All data starts out in computers. All data is analysed using
computers. However, all too often, materials are produced and placed
on websites which are not readable by computers. This dramatically
drives up the cost of using the data. There is much to gain from an
insistence that the materials which appear on websites -- of financial
firms and of regulators -- are machine readable.

One example of a success story is mutual funds who provide data like
NAV (Net Asset Value) of their schemes as an electronic feed. Third
party websites are able to use this to provide annualised return on
portfolios, or analysis and comparison of historical data. None of
this would have been possible if mutual funds had a chaos of diverse
presentation with different fund houses giving out data in different

The above-mentioned electronic feed is an example of machine-readable
data. "A computer file" does not constitute machine readable
data. Machine readability is obtained where the data can be read and
processed by a computer for further analysis and interpretation. Comma
Separated Values (CSV) is one example of a machine-readable data
format. Other examples include XML files.

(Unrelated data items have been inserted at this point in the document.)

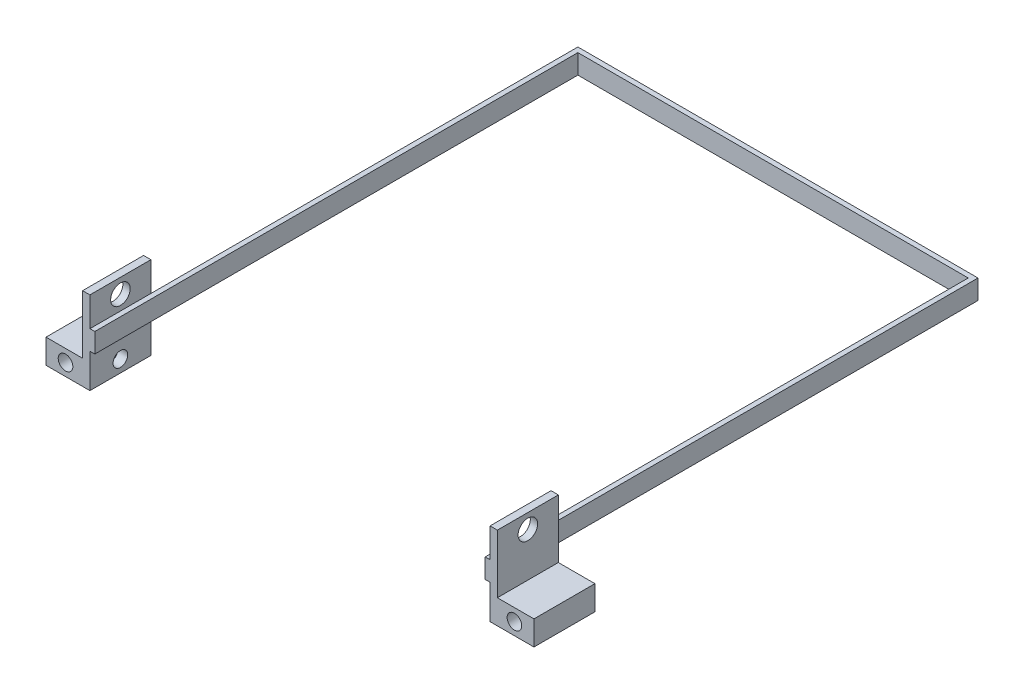
ISO-10303-21;
HEADER;
FILE_DESCRIPTION(('STEP AP214'),'2;1');
FILE_NAME('part.step','',(''),(''),'','','');
FILE_SCHEMA(('AUTOMOTIVE_DESIGN { 1 0 10303 214 1 1 1 1 }'));
ENDSEC;
DATA;
#1=APPLICATION_CONTEXT('core data for automotive mechanical design processes');
#2=APPLICATION_PROTOCOL_DEFINITION('international standard','automotive_design',2000,#1);
#3=PRODUCT_CONTEXT('',#1,'mechanical');
#4=PRODUCT('Part','Part','',(#3));
#5=PRODUCT_RELATED_PRODUCT_CATEGORY('part','',(#4));
#6=PRODUCT_DEFINITION_FORMATION('','',#4);
#7=PRODUCT_DEFINITION_CONTEXT('part definition',#1,'design');
#8=PRODUCT_DEFINITION('design','',#6,#7);
#9=PRODUCT_DEFINITION_SHAPE('','',#8);
#10=(LENGTH_UNIT() NAMED_UNIT(*) SI_UNIT(.MILLI.,.METRE.));
#11=(NAMED_UNIT(*) PLANE_ANGLE_UNIT() SI_UNIT($,.RADIAN.));
#12=(NAMED_UNIT(*) SI_UNIT($,.STERADIAN.) SOLID_ANGLE_UNIT());
#13=UNCERTAINTY_MEASURE_WITH_UNIT(LENGTH_MEASURE(1.E-05),#10,'distance_accuracy_value','');
#14=(GEOMETRIC_REPRESENTATION_CONTEXT(3) GLOBAL_UNCERTAINTY_ASSIGNED_CONTEXT((#13)) GLOBAL_UNIT_ASSIGNED_CONTEXT((#10,
#11,#12)) REPRESENTATION_CONTEXT('',''));
#15=CARTESIAN_POINT('',(0.,0.,0.));
#16=DIRECTION('',(0.,0.,1.));
#17=DIRECTION('',(1.,0.,0.));
#18=AXIS2_PLACEMENT_3D('',#15,#16,#17);
#19=CARTESIAN_POINT('',(150.362843907959,0.561265164644706,-199.999999999999));
#20=DIRECTION('',(-1.,0.,0.));
#21=DIRECTION('',(0.,1.,0.));
#22=AXIS2_PLACEMENT_3D('',#19,#20,#21);
#23=PLANE('',#22);
#24=DIRECTION('',(0.,1.,0.));
#25=VECTOR('',#24,1.);
#26=CARTESIAN_POINT('',(150.362843907958,12.5612651646447,-24.9999999999989));
#27=LINE('',#26,#25);
#28=CARTESIAN_POINT('',(150.362843907958,-7.43873483535529,-24.9999999999989));
#29=VERTEX_POINT('',#28);
#30=CARTESIAN_POINT('',(150.362843907958,0.561265164644706,-24.9999999999989));
#31=VERTEX_POINT('',#30);
#32=EDGE_CURVE('E11',#29,#31,#27,.T.);
#33=ORIENTED_EDGE('',*,*,#32,.F.);
#34=DIRECTION('',(0.,0.,1.));
#35=VECTOR('',#34,1.);
#36=CARTESIAN_POINT('',(150.362843907959,-7.43873483535529,-199.999999999999));
#37=LINE('',#36,#35);
#38=CARTESIAN_POINT('',(150.362843907959,-7.43873483535529,-199.999999999999));
#39=VERTEX_POINT('',#38);
#40=EDGE_CURVE('E44',#39,#29,#37,.T.);
#41=ORIENTED_EDGE('',*,*,#40,.F.);
#42=DIRECTION('',(0.,-1.,0.));
#43=VECTOR('',#42,1.);
#44=CARTESIAN_POINT('',(150.362843907959,0.561265164644706,-199.999999999999));
#45=LINE('',#44,#43);
#46=CARTESIAN_POINT('',(150.362843907959,0.561265164644706,-199.999999999999));
#47=VERTEX_POINT('',#46);
#48=EDGE_CURVE('E341',#47,#39,#45,.T.);
#49=ORIENTED_EDGE('',*,*,#48,.F.);
#50=DIRECTION('',(0.,0.,1.));
#51=VECTOR('',#50,1.);
#52=CARTESIAN_POINT('',(150.362843907959,0.561265164644706,-199.999999999999));
#53=LINE('',#52,#51);
#54=EDGE_CURVE('E358',#47,#31,#53,.T.);
#55=ORIENTED_EDGE('',*,*,#54,.T.);
#56=EDGE_LOOP('',(#33,#41,#49,#55));
#57=FACE_BOUND('',#56,.T.);
#58=ADVANCED_FACE('F41',(#57),#23,.F.);
#59=CARTESIAN_POINT('',(150.362843907959,-7.43873483535529,-199.999999999999));
#60=DIRECTION('',(0.,1.,0.));
#61=DIRECTION('',(0.,0.,-1.));
#62=AXIS2_PLACEMENT_3D('',#59,#60,#61);
#63=PLANE('',#62);
#64=DIRECTION('',(0.,0.,1.));
#65=VECTOR('',#64,1.);
#66=CARTESIAN_POINT('',(148.362843907959,-7.43873483535529,-197.999999999999));
#67=LINE('',#66,#65);
#68=CARTESIAN_POINT('',(148.362843907959,-7.43873483535529,-197.999999999999));
#69=VERTEX_POINT('',#68);
#70=CARTESIAN_POINT('',(148.362843907958,-7.43873483535529,1.03993149546166E-12));
#71=VERTEX_POINT('',#70);
#72=EDGE_CURVE('E338',#69,#71,#67,.T.);
#73=ORIENTED_EDGE('',*,*,#72,.F.);
#74=DIRECTION('',(-1.,0.,0.));
#75=VECTOR('',#74,1.);
#76=CARTESIAN_POINT('',(148.362843907959,-7.43873483535529,-197.999999999999));
#77=LINE('',#76,#75);
#78=CARTESIAN_POINT('',(-11.6371560920411,-7.43873483535529,-198.));
#79=VERTEX_POINT('',#78);
#80=EDGE_CURVE('E318',#69,#79,#77,.T.);
#81=ORIENTED_EDGE('',*,*,#80,.T.);
#82=DIRECTION('',(0.,0.,1.));
#83=VECTOR('',#82,1.);
#84=CARTESIAN_POINT('',(-11.6371560920411,-7.43873483535529,-198.));
#85=LINE('',#84,#83);
#86=CARTESIAN_POINT('',(-11.6371560920425,-7.43873483535529,0.));
#87=VERTEX_POINT('',#86);
#88=EDGE_CURVE('E335',#79,#87,#85,.T.);
#89=ORIENTED_EDGE('',*,*,#88,.T.);
#90=DIRECTION('',(-1.,0.,0.));
#91=VECTOR('',#90,1.);
#92=CARTESIAN_POINT('',(150.362843907958,-7.43873483535529,1.05389742081703E-12));
#93=LINE('',#92,#91);
#94=CARTESIAN_POINT('',(-13.6371560920423,-7.43873483535529,4.92661467177413E-13));
#95=VERTEX_POINT('',#94);
#96=EDGE_CURVE('E340',#87,#95,#93,.T.);
#97=ORIENTED_EDGE('',*,*,#96,.T.);
#98=DIRECTION('',(0.,0.,1.));
#99=VECTOR('',#98,1.);
#100=CARTESIAN_POINT('',(-13.6371560920411,-7.43873483535529,-200.));
#101=LINE('',#100,#99);
#102=CARTESIAN_POINT('',(-13.6371560920423,-7.43873483535529,-24.9999999999995));
#103=VERTEX_POINT('',#102);
#104=EDGE_CURVE('E363',#103,#95,#101,.T.);
#105=ORIENTED_EDGE('',*,*,#104,.F.);
#106=CARTESIAN_POINT('',(-13.6371560920411,-7.43873483535529,-200.));
#107=VERTEX_POINT('',#106);
#108=EDGE_CURVE('E364',#107,#103,#101,.T.);
#109=ORIENTED_EDGE('',*,*,#108,.F.);
#110=DIRECTION('',(-1.,0.,0.));
#111=VECTOR('',#110,1.);
#112=CARTESIAN_POINT('',(150.362843907959,-7.43873483535529,-199.999999999999));
#113=LINE('',#112,#111);
#114=EDGE_CURVE('E344',#39,#107,#113,.T.);
#115=ORIENTED_EDGE('',*,*,#114,.F.);
#116=ORIENTED_EDGE('',*,*,#40,.T.);
#117=CARTESIAN_POINT('',(150.362843907958,-7.43873483535529,1.05389742081703E-12));
#118=VERTEX_POINT('',#117);
#119=EDGE_CURVE('E366',#29,#118,#37,.T.);
#120=ORIENTED_EDGE('',*,*,#119,.T.);
#121=EDGE_CURVE('E352',#118,#71,#93,.T.);
#122=ORIENTED_EDGE('',*,*,#121,.T.);
#123=EDGE_LOOP('',(#73,#81,#89,#97,#105,#109,#115,#116,#120,#122));
#124=FACE_BOUND('',#123,.T.);
#125=ADVANCED_FACE('F385',(#124),#63,.F.);
#126=CARTESIAN_POINT('',(150.362843907959,0.561265164644706,-199.999999999999));
#127=DIRECTION('',(0.,-1.,0.));
#128=DIRECTION('',(0.,0.,1.));
#129=AXIS2_PLACEMENT_3D('',#126,#127,#128);
#130=PLANE('',#129);
#131=DIRECTION('',(0.,0.,1.));
#132=VECTOR('',#131,1.);
#133=CARTESIAN_POINT('',(148.362843907959,0.561265164644706,-197.999999999999));
#134=LINE('',#133,#132);
#135=CARTESIAN_POINT('',(148.362843907959,0.561265164644706,-197.999999999999));
#136=VERTEX_POINT('',#135);
#137=CARTESIAN_POINT('',(148.362843907958,0.561265164644706,1.03993149546166E-12));
#138=VERTEX_POINT('',#137);
#139=EDGE_CURVE('E327',#136,#138,#134,.T.);
#140=ORIENTED_EDGE('',*,*,#139,.T.);
#141=DIRECTION('',(1.,0.,0.));
#142=VECTOR('',#141,1.);
#143=CARTESIAN_POINT('',(150.362843907958,0.561265164644706,1.05389742081703E-12));
#144=LINE('',#143,#142);
#145=CARTESIAN_POINT('',(150.362843907958,0.561265164644706,1.05389742081703E-12));
#146=VERTEX_POINT('',#145);
#147=EDGE_CURVE('E355',#138,#146,#144,.T.);
#148=ORIENTED_EDGE('',*,*,#147,.T.);
#149=EDGE_CURVE('E351',#31,#146,#53,.T.);
#150=ORIENTED_EDGE('',*,*,#149,.F.);
#151=ORIENTED_EDGE('',*,*,#54,.F.);
#152=DIRECTION('',(1.,0.,0.));
#153=VECTOR('',#152,1.);
#154=CARTESIAN_POINT('',(150.362843907959,0.561265164644706,-199.999999999999));
#155=LINE('',#154,#153);
#156=CARTESIAN_POINT('',(-13.6371560920411,0.561265164644706,-200.));
#157=VERTEX_POINT('',#156);
#158=EDGE_CURVE('E349',#157,#47,#155,.T.);
#159=ORIENTED_EDGE('',*,*,#158,.F.);
#160=DIRECTION('',(0.,0.,1.));
#161=VECTOR('',#160,1.);
#162=CARTESIAN_POINT('',(-13.6371560920411,0.561265164644706,-200.));
#163=LINE('',#162,#161);
#164=CARTESIAN_POINT('',(-13.6371560920423,0.561265164644706,-24.9999999999995));
#165=VERTEX_POINT('',#164);
#166=EDGE_CURVE('E361',#157,#165,#163,.T.);
#167=ORIENTED_EDGE('',*,*,#166,.T.);
#168=CARTESIAN_POINT('',(-13.6371560920423,0.561265164644706,4.92661467177413E-13));
#169=VERTEX_POINT('',#168);
#170=EDGE_CURVE('E360',#165,#169,#163,.T.);
#171=ORIENTED_EDGE('',*,*,#170,.T.);
#172=CARTESIAN_POINT('',(-11.6371560920425,0.561265164644706,0.));
#173=VERTEX_POINT('',#172);
#174=EDGE_CURVE('E345',#169,#173,#144,.T.);
#175=ORIENTED_EDGE('',*,*,#174,.T.);
#176=DIRECTION('',(0.,0.,1.));
#177=VECTOR('',#176,1.);
#178=CARTESIAN_POINT('',(-11.6371560920411,0.561265164644803,-198.));
#179=LINE('',#178,#177);
#180=CARTESIAN_POINT('',(-11.6371560920411,0.561265164644803,-198.));
#181=VERTEX_POINT('',#180);
#182=EDGE_CURVE('E333',#181,#173,#179,.T.);
#183=ORIENTED_EDGE('',*,*,#182,.F.);
#184=DIRECTION('',(1.,0.,0.));
#185=VECTOR('',#184,1.);
#186=CARTESIAN_POINT('',(148.362843907959,0.561265164644706,-197.999999999999));
#187=LINE('',#186,#185);
#188=EDGE_CURVE('E324',#181,#136,#187,.T.);
#189=ORIENTED_EDGE('',*,*,#188,.T.);
#190=EDGE_LOOP('',(#140,#148,#150,#151,#159,#167,#171,#175,#183,#189));
#191=FACE_BOUND('',#190,.T.);
#192=ADVANCED_FACE('F395',(#191),#130,.F.);
#193=CARTESIAN_POINT('',(150.362843907958,0.561265164644706,1.05389742081703E-12));
#194=DIRECTION('',(0.,0.,-1.));
#195=DIRECTION('',(-1.,0.,0.));
#196=AXIS2_PLACEMENT_3D('',#193,#194,#195);
#197=PLANE('',#196);
#198=DIRECTION('',(0.,-1.,0.));
#199=VECTOR('',#198,1.);
#200=CARTESIAN_POINT('',(148.362843907958,0.561265164644706,1.03993149546166E-12));
#201=LINE('',#200,#199);
#202=EDGE_CURVE('E312',#138,#71,#201,.T.);
#203=ORIENTED_EDGE('',*,*,#202,.T.);
#204=ORIENTED_EDGE('',*,*,#121,.F.);
#205=DIRECTION('',(0.,1.,0.));
#206=VECTOR('',#205,1.);
#207=CARTESIAN_POINT('',(150.362843907958,12.5612651646447,1.0547118733939E-12));
#208=LINE('',#207,#206);
#209=CARTESIAN_POINT('',(150.362843907958,-21.4387348353553,1.0547118733939E-12));
#210=VERTEX_POINT('',#209);
#211=EDGE_CURVE('E229',#210,#118,#208,.T.);
#212=ORIENTED_EDGE('',*,*,#211,.F.);
#213=DIRECTION('',(-1.,0.,0.));
#214=VECTOR('',#213,1.);
#215=CARTESIAN_POINT('',(168.362843907958,-21.4387348353553,1.17961196366423E-12));
#216=LINE('',#215,#214);
#217=CARTESIAN_POINT('',(168.362843907958,-21.4387348353553,1.17961196366423E-12));
#218=VERTEX_POINT('',#217);
#219=EDGE_CURVE('E217',#218,#210,#216,.T.);
#220=ORIENTED_EDGE('',*,*,#219,.F.);
#221=DIRECTION('',(0.,-1.,0.));
#222=VECTOR('',#221,1.);
#223=CARTESIAN_POINT('',(168.362843907958,12.5612651646447,1.17961196366423E-12));
#224=LINE('',#223,#222);
#225=CARTESIAN_POINT('',(168.362843907958,-11.4387348353553,1.17961196366423E-12));
#226=VERTEX_POINT('',#225);
#227=EDGE_CURVE('E209',#226,#218,#224,.T.);
#228=ORIENTED_EDGE('',*,*,#227,.F.);
#229=DIRECTION('',(-1.,0.,0.));
#230=VECTOR('',#229,1.);
#231=CARTESIAN_POINT('',(168.362843907958,-11.4387348353553,1.17961196366423E-12));
#232=LINE('',#231,#230);
#233=CARTESIAN_POINT('',(153.362843907958,-11.4387348353553,1.07552855510562E-12));
#234=VERTEX_POINT('',#233);
#235=EDGE_CURVE('E192',#226,#234,#232,.T.);
#236=ORIENTED_EDGE('',*,*,#235,.T.);
#237=DIRECTION('',(0.,1.,0.));
#238=VECTOR('',#237,1.);
#239=CARTESIAN_POINT('',(153.362843907958,12.5612651646447,1.07552855510562E-12));
#240=LINE('',#239,#238);
#241=CARTESIAN_POINT('',(153.362843907958,12.5612651646447,1.07552855510562E-12));
#242=VERTEX_POINT('',#241);
#243=EDGE_CURVE('E202',#234,#242,#240,.T.);
#244=ORIENTED_EDGE('',*,*,#243,.T.);
#245=DIRECTION('',(1.,0.,0.));
#246=VECTOR('',#245,1.);
#247=CARTESIAN_POINT('',(168.362843907958,12.5612651646447,1.17961196366423E-12));
#248=LINE('',#247,#246);
#249=CARTESIAN_POINT('',(150.362843907958,12.5612651646447,1.0547118733939E-12));
#250=VERTEX_POINT('',#249);
#251=EDGE_CURVE('E232',#250,#242,#248,.T.);
#252=ORIENTED_EDGE('',*,*,#251,.F.);
#253=EDGE_CURVE('E221',#146,#250,#208,.T.);
#254=ORIENTED_EDGE('',*,*,#253,.F.);
#255=ORIENTED_EDGE('',*,*,#147,.F.);
#256=EDGE_LOOP('',(#203,#204,#212,#220,#228,#236,#244,#252,#254,#255));
#257=FACE_BOUND('',#256,.T.);
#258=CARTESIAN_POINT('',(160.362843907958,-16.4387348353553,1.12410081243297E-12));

The gains from machine readable data
The value of even minimal information, when made accessible in machine
readable form, is remarkable. As an example, suppose a government
releases adequate information for all consumer courts to be placed on
google maps. Once this is done, consumers can start rating the
courts. This can support policy analysis and improvement of the courts
which are laggards. As more information is released, more
sophisticated applications become possible. If case load data about
consumer courts is made available, third parties could build software
and systems through which one could get a fairly accurate estimate of
the queue and expected hearing slot if a complaint were to be filed on
any given day. If data on financial firms against whom complaints are
filed is also loaded, one would know which firms are generating more

Consider a household survey run by a regulator. The regulator can
release a PDF file with a report which analyses the survey
evidence. This is useful and interesting. A big jump is obtained when
the regulator releases the record level data. This would make possible
novel analysis by third parties, of kinds that may have never been
envisaged by the regulator.

A revolution is shaking the world of finance globally, the financial
technology revolution. This is critically about opening up data access
to new kinds of firms, while access is controlled by consumers. This
is about shifting ownership of data from financial firms or
governments to consumers, and giving consumers access to sophisticated
analytical services which add value.

Developments internationally
These ideas are not unique to India; they are changing the way
governments and regulations work worldwide. The U.S. Government’s Open
Government Directive of 2009 is one early example of a government that
created such an obligation. It said that to the extent practicable and
subject to valid restrictions, agencies should publish information
online in an open format that can be retrieved, downloaded, indexed,
and searched by commonly used web search applications. An open format
was defined as one that is platform independent, machine readable, and
made available to the public without restrictions that would impede
the re-use of that information.

Initially this led to resistance, inconsistent formats etc and
required government to create capacity to make it happen. After that,
the US government has set up, home to its open data
initiative with tools, and resources to conduct research, develop web
and mobile applications and design data visualisations. It followed
this up in 2013 by making open and machine-readable the new default
for government information.

Many countries have embarked on similar initiatives. As an example,
see a paper tabled in 2012 in the UK Parliament about unleashing the
potential of open data. In 2011, the Open Government Platform (OGP)was
launched as an international platform for domestic reformers committed
to making their governments more open, accountable, and responsive to
citizens. Since then, OGP has grown from 8 countries to the 65
participating countries. India is not yet on that list.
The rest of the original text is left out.